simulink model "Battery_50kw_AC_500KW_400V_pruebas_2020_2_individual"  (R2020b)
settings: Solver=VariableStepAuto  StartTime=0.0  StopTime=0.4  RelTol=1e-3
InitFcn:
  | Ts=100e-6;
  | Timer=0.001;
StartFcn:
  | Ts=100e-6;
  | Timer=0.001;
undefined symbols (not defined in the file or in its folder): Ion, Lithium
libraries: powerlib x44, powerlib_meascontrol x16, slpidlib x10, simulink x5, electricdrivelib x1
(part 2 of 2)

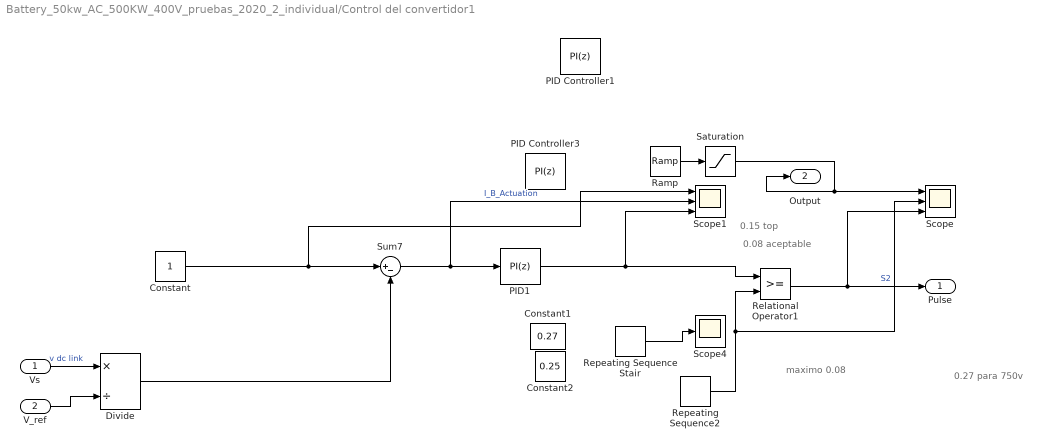
== system Battery_50kw_AC_500KW_400V_pruebas_2020_2_individual/Control del convertidor1 ==
  note: 0.08 aceptable
  note: 0.15 top
  note: 0.27 para 750v
  note: maximo 0.08
  Vs : Inport
  V_ref : Inport  Port=2
  Constant : Constant
  Constant1 : Constant  Value=0.27
  Constant2 : Constant  Value=0.25
  Divide : Product  Inputs=*/
  PID Controller1 : slpidlib/PID Controller  Controller=PI  Form=Parallel  TimeDomain=Discrete-time  UseExternalTs=off  SampleTime=Ts  IntegratorMethod=Forward Euler  FilterMethod=Forward Euler  ControllerParametersSource=internal  P=0.01  I=0.02  D=0  UseFilter=on  N=100  TunerSelectOption=Transfer Function Based (PID Tuner App)  InitialConditionSource=internal  InitialConditionForIntegrator=0  InitialConditionForFilter=0  DifferentiatorICPrevScaledInput=0  ExternalReset=none  TrackingMode=off  Kt=1  LimitOutput=on  SatLimitsSource=internal  UpperSaturationLimit=0.95  LowerSaturationLimit=0  LinearizeAsGain=on  AntiWindupMode=clamping  Kb=1  POutMin=[]  POutMax=[]  IOutMin=[]  IOutMax=[]  DOutMin=[]  DOutMax=[]  NOutMin=[]  NOutMax=[]  SumOutMin=[]  SumOutMax=[]  SaturationOutMin=[]  SaturationOutMax=[]  PParamMin=[]  PParamMax=[]  IParamMin=[]  IParamMax=[]  DParamMin=[]  DParamMax=[]  NParamMin=[]  NParamMax=[]  KbParamMin=[]  KbParamMax=[]  KtParamMin=[]  KtParamMax=[]  KbOutMin=[]  KbOutMax=[]  KtOutMin=[]  KtOutMax=[]  IntegratorOutMin=[]  IntegratorOutMax=[]  FilterOutMin=[]  FilterOutMax=[]  SumI1OutMin=[]  SumI1OutMax=[]  SumI2OutMin=[]  SumI2OutMax=[]  SumI3OutMin=[]  SumI3OutMax=[]  SumI4OutMin=[]  SumI4OutMax=[]  SumDOutMin=[]  SumDOutMax=[]  DifferentiatorOutMin=[]  DifferentiatorOutMax=[]  FilterDiffOutCoefMin=[]  FilterDiffOutCoefMax=[]  ReciprocalOutMin=[]  ReciprocalOutMax=[]  SumDenOutMin=[]  SumDenOutMax=[]  SumNumOutMin=[]  SumNumOutMax=[]  DivideOutMin=[]  DivideOutMax=[]  UdiffTsProdOutMin=[]  UdiffTsProdOutMax=[]  NTsProdOutMin=[]  NTsProdOutMax=[]  UintegralTsProdOutMin=[]  UintegralTsProdOutMax=[]  UngainTsProdOutMin=[]  UngainTsProdOutMax=[]  IntegratorContinuousStateAttributes=''  IntegratorStateMustResolveToSignalObject=off  IntegratorRTWStateStorageClass=Auto  FilterContinuousStateAttributes=''  FilterStateMustResolveToSignalObject=off  FilterRTWStateStorageClass=Auto  ParallelPVariant=InternalParameters  IdealPVariant=Disabled  IVariant=InternalParameters  DVariant=Disabled  IntegratorVariant=Discrete  SatVariant=Enabled  AWVariant=DiscClampingParallel  PCopyVariant=Disabled  TRVariant=Disabled  FdbkBlocksVariant=Forward  IdealPFdbkVariant=Disabled  SatFdbkVariant=Disabled  DerivativeFilterVariant=Disabled  NVariant=Disabled  NCopyVariant=Disabled_SignalSpec  FilterICVariant=Disabled  IntegratorICVariant=InternalICs  ExternalResetVariant=Disabled  TRSumVariant=Passthrough  SumFdbkVariant=Disabled  SumVariant=Sum_PI  TsampFilterVariant=InternalTs  TsampNgainVariant=Passthrough  TsampIntegralVariant=Passthrough  ExternalSaturationOutDataTypeStr=Inherit: Same as second input
  PID Controller3 : slpidlib/PID Controller  Controller=PI  Form=Parallel  TimeDomain=Discrete-time  UseExternalTs=off  SampleTime=Ts  IntegratorMethod=Forward Euler  FilterMethod=Forward Euler  ControllerParametersSource=internal  P=0.001  I=0.02  D=0  UseFilter=on  N=100  TunerSelectOption=Transfer Function Based (PID Tuner App)  InitialConditionSource=internal  InitialConditionForIntegrator=0  InitialConditionForFilter=0  DifferentiatorICPrevScaledInput=0  ExternalReset=none  TrackingMode=off  Kt=1  LimitOutput=on  SatLimitsSource=internal  UpperSaturationLimit=0.95  LowerSaturationLimit=0  LinearizeAsGain=on  AntiWindupMode=clamping  Kb=1  POutMin=[]  POutMax=[]  IOutMin=[]  IOutMax=[]  DOutMin=[]  DOutMax=[]  NOutMin=[]  NOutMax=[]  SumOutMin=[]  SumOutMax=[]  SaturationOutMin=[]  SaturationOutMax=[]  PParamMin=[]  PParamMax=[]  IParamMin=[]  IParamMax=[]  DParamMin=[]  DParamMax=[]  NParamMin=[]  NParamMax=[]  KbParamMin=[]  KbParamMax=[]  KtParamMin=[]  KtParamMax=[]  KbOutMin=[]  KbOutMax=[]  KtOutMin=[]  KtOutMax=[]  IntegratorOutMin=[]  IntegratorOutMax=[]  FilterOutMin=[]  FilterOutMax=[]  SumI1OutMin=[]  SumI1OutMax=[]  SumI2OutMin=[]  SumI2OutMax=[]  SumI3OutMin=[]  SumI3OutMax=[]  SumI4OutMin=[]  SumI4OutMax=[]  SumDOutMin=[]  SumDOutMax=[]  DifferentiatorOutMin=[]  DifferentiatorOutMax=[]  FilterDiffOutCoefMin=[]  FilterDiffOutCoefMax=[]  ReciprocalOutMin=[]  ReciprocalOutMax=[]  SumDenOutMin=[]  SumDenOutMax=[]  SumNumOutMin=[]  SumNumOutMax=[]  DivideOutMin=[]  DivideOutMax=[]  UdiffTsProdOutMin=[]  UdiffTsProdOutMax=[]  NTsProdOutMin=[]  NTsProdOutMax=[]  UintegralTsProdOutMin=[]  UintegralTsProdOutMax=[]  UngainTsProdOutMin=[]  UngainTsProdOutMax=[]  IntegratorContinuousStateAttributes=''  IntegratorStateMustResolveToSignalObject=off  IntegratorRTWStateStorageClass=Auto  FilterContinuousStateAttributes=''  FilterStateMustResolveToSignalObject=off  FilterRTWStateStorageClass=Auto  ParallelPVariant=InternalParameters  IdealPVariant=Disabled  IVariant=InternalParameters  DVariant=Disabled  IntegratorVariant=Discrete  SatVariant=Enabled  AWVariant=DiscClampingParallel  PCopyVariant=Disabled  TRVariant=Disabled  FdbkBlocksVariant=Forward  IdealPFdbkVariant=Disabled  SatFdbkVariant=Disabled  DerivativeFilterVariant=Disabled  NVariant=Disabled  NCopyVariant=Disabled_SignalSpec  FilterICVariant=Disabled  IntegratorICVariant=InternalICs  ExternalResetVariant=Disabled  TRSumVariant=Passthrough  SumFdbkVariant=Disabled  SumVariant=Sum_PI  TsampFilterVariant=InternalTs  TsampNgainVariant=Passthrough  TsampIntegralVariant=Passthrough  ExternalSaturationOutDataTypeStr=Inherit: Same as second input
  PID1 : slpidlib/PID Controller  Controller=PI  Form=Parallel  TimeDomain=Discrete-time  UseExternalTs=off  SampleTime=Ts  IntegratorMethod=Forward Euler  FilterMethod=Forward Euler  ControllerParametersSource=internal  P=0.7  I=5  D=0  UseFilter=on  N=100  TunerSelectOption=Transfer Function Based (PID Tuner App)  InitialConditionSource=internal  InitialConditionForIntegrator=0.26  InitialConditionForFilter=0  DifferentiatorICPrevScaledInput=0  ExternalReset=none  TrackingMode=off  Kt=1  LimitOutput=on  SatLimitsSource=internal  UpperSaturationLimit=0.97  LowerSaturationLimit=0  LinearizeAsGain=on  AntiWindupMode=clamping  Kb=1  POutMin=[]  POutMax=[]  IOutMin=[]  IOutMax=[]  DOutMin=[]  DOutMax=[]  NOutMin=[]  NOutMax=[]  SumOutMin=[]  SumOutMax=[]  SaturationOutMin=[]  SaturationOutMax=[]  PParamMin=[]  PParamMax=[]  IParamMin=[]  IParamMax=[]  DParamMin=[]  DParamMax=[]  NParamMin=[]  NParamMax=[]  KbParamMin=[]  KbParamMax=[]  KtParamMin=[]  KtParamMax=[]  KbOutMin=[]  KbOutMax=[]  KtOutMin=[]  KtOutMax=[]  IntegratorOutMin=[]  IntegratorOutMax=[]  FilterOutMin=[]  FilterOutMax=[]  SumI1OutMin=[]  SumI1OutMax=[]  SumI2OutMin=[]  SumI2OutMax=[]  SumI3OutMin=[]  SumI3OutMax=[]  SumI4OutMin=[]  SumI4OutMax=[]  SumDOutMin=[]  SumDOutMax=[]  DifferentiatorOutMin=[]  DifferentiatorOutMax=[]  FilterDiffOutCoefMin=[]  FilterDiffOutCoefMax=[]  ReciprocalOutMin=[]  ReciprocalOutMax=[]  SumDenOutMin=[]  SumDenOutMax=[]  SumNumOutMin=[]  SumNumOutMax=[]  DivideOutMin=[]  DivideOutMax=[]  UdiffTsProdOutMin=[]  UdiffTsProdOutMax=[]  NTsProdOutMin=[]  NTsProdOutMax=[]  UintegralTsProdOutMin=[]  UintegralTsProdOutMax=[]  UngainTsProdOutMin=[]  UngainTsProdOutMax=[]  IntegratorContinuousStateAttributes=''  IntegratorStateMustResolveToSignalObject=off  IntegratorRTWStateStorageClass=Auto  FilterContinuousStateAttributes=''  FilterStateMustResolveToSignalObject=off  FilterRTWStateStorageClass=Auto  ParallelPVariant=InternalParameters  IdealPVariant=Disabled  IVariant=InternalParameters  DVariant=Disabled  IntegratorVariant=Discrete  SatVariant=Enabled  AWVariant=DiscClampingParallel  PCopyVariant=Disabled  TRVariant=Disabled  FdbkBlocksVariant=Forward  IdealPFdbkVariant=Disabled  SatFdbkVariant=Disabled  DerivativeFilterVariant=Disabled  NVariant=Disabled  NCopyVariant=Disabled_SignalSpec  FilterICVariant=Disabled  IntegratorICVariant=InternalICs  ExternalResetVariant=Disabled  TRSumVariant=Passthrough  SumFdbkVariant=Disabled  SumVariant=Sum_PI  TsampFilterVariant=InternalTs  TsampNgainVariant=Passthrough  TsampIntegralVariant=Passthrough  ExternalSaturationOutDataTypeStr=Inherit: Same as second input
  Ramp : simulink/Sources/Ramp  slope=0.9  start=0  InitialOutput=0.6
  Relational Operator1 : RelationalOperator  OutDataTypeStr=boolean  RndMeth=Nearest
  Repeating Sequence Stair : simulink/Sources/Repeating Sequence Stair  OutValues=[0.2 0.21 0.22 0.23 0.24 0.25].'  tsamp=0.05  OutMin=[]  OutMax=[]  OutDataTypeStr=double  OutputDataTypeScalingMode=double  OutDataType=fixdt(0,8)  ConRadixGroup=Best Precision: Vector-wise  OutScaling=2^-12
  Repeating Sequence2 : simulink/Sources/Repeating Sequence  rep_seq_t=[0 Ts/2 Ts]  rep_seq_y=[0 1 0]
  Saturation : Saturate  UpperLimit=1  LowerLimit=0
  Scope : Scope  NumInputPorts=3
  Scope1 : Scope  NumInputPorts=3
  Scope4 : Scope
  Sum7 : Sum  Inputs=|+-
  Pulse : Outport
  Output : Outport  Port=2
  wires:
  Sum7/1 -> Scope1/2, PID1/1  "I_B_Actuation"
  Relational Operator1/1 -> Pulse/1, Scope/3  "S2"
  Ramp/1 -> Saturation/1
  Repeating Sequence2/1 -> Scope/2, Relational Operator1/2
  Constant/1 -> Scope1/1, Sum7/1
  Vs/1 -> Divide/1  "v dc link"
  V_ref/1 -> Divide/2
  Divide/1 -> Sum7/2
  Saturation/1 -> Output/1, Scope/1
  Repeating Sequence Stair/1 -> Scope4/1
  PID1/1 -> Scope1/3, Relational Operator1/1

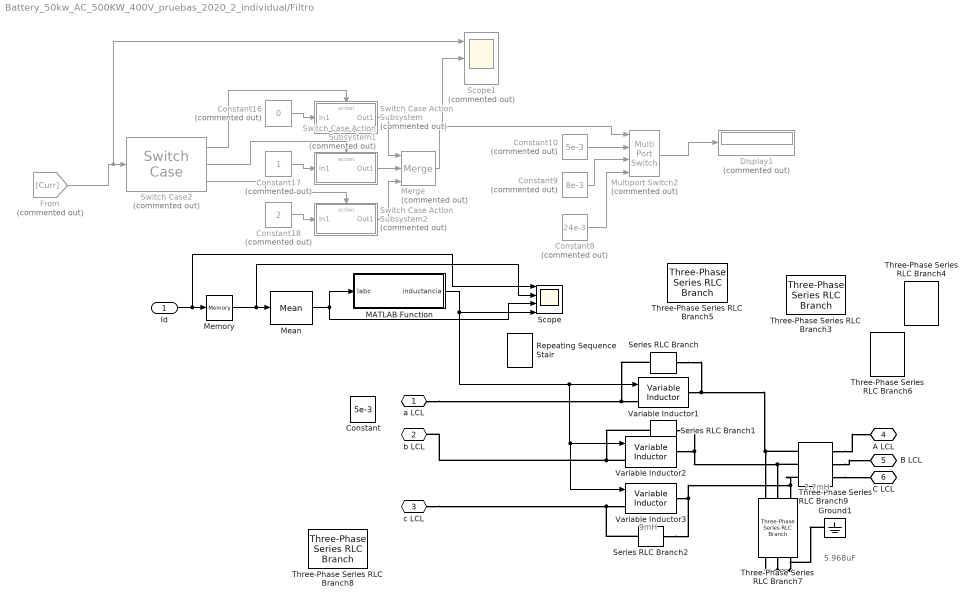
== system Battery_50kw_AC_500KW_400V_pruebas_2020_2_individual/Filtro ==
  note: 2.7mH
  note: 9mH
  note: 5.968uF
  Id : Inport
  Constant : Constant  Value=5e-3
  Constant10 : Constant  Commented=on  Value=5e-3
  Constant16 : Constant  Commented=on  Value=0
  Constant17 : Constant  Commented=on
  Constant18 : Constant  Commented=on  Value=2
  Constant8 : Constant  Commented=on  Value=24e-3
  Constant9 : Constant  Commented=on  Value=8e-3
  Display1 : Display  Commented=on
  From : From  Commented=on  GotoTag=Curr
  Ground1 : powerlib/Elements/Ground  LConnTagsString=a
  MATLAB Function : MATLAB Function  TreatAsAtomicUnit=on
  Mean : powerlib_meascontrol/Measurements/Mean  Freq=60  Vinit=0  Ts=0
  Memory : Memory
  Merge : Merge  Commented=on  Inputs=3
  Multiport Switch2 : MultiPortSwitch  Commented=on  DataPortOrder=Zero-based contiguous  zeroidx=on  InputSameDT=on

******************************

### What needs to be done
One stretch of the lines above is wanted, from the line that contains "Scope1 : Scope" through the line that contains "Divide/1 -> Sum7/2". Output it exactly.

### Output for this exercise
  Scope1 : Scope  NumInputPorts=3
  Scope4 : Scope
  Sum7 : Sum  Inputs=|+-
  Pulse : Outport
  Output : Outport  Port=2
  wires:
  Sum7/1 -> Scope1/2, PID1/1  "I_B_Actuation"
  Relational Operator1/1 -> Pulse/1, Scope/3  "S2"
  Ramp/1 -> Saturation/1
  Repeating Sequence2/1 -> Scope/2, Relational Operator1/2
  Constant/1 -> Scope1/1, Sum7/1
  Vs/1 -> Divide/1  "v dc link"
  V_ref/1 -> Divide/2
  Divide/1 -> Sum7/2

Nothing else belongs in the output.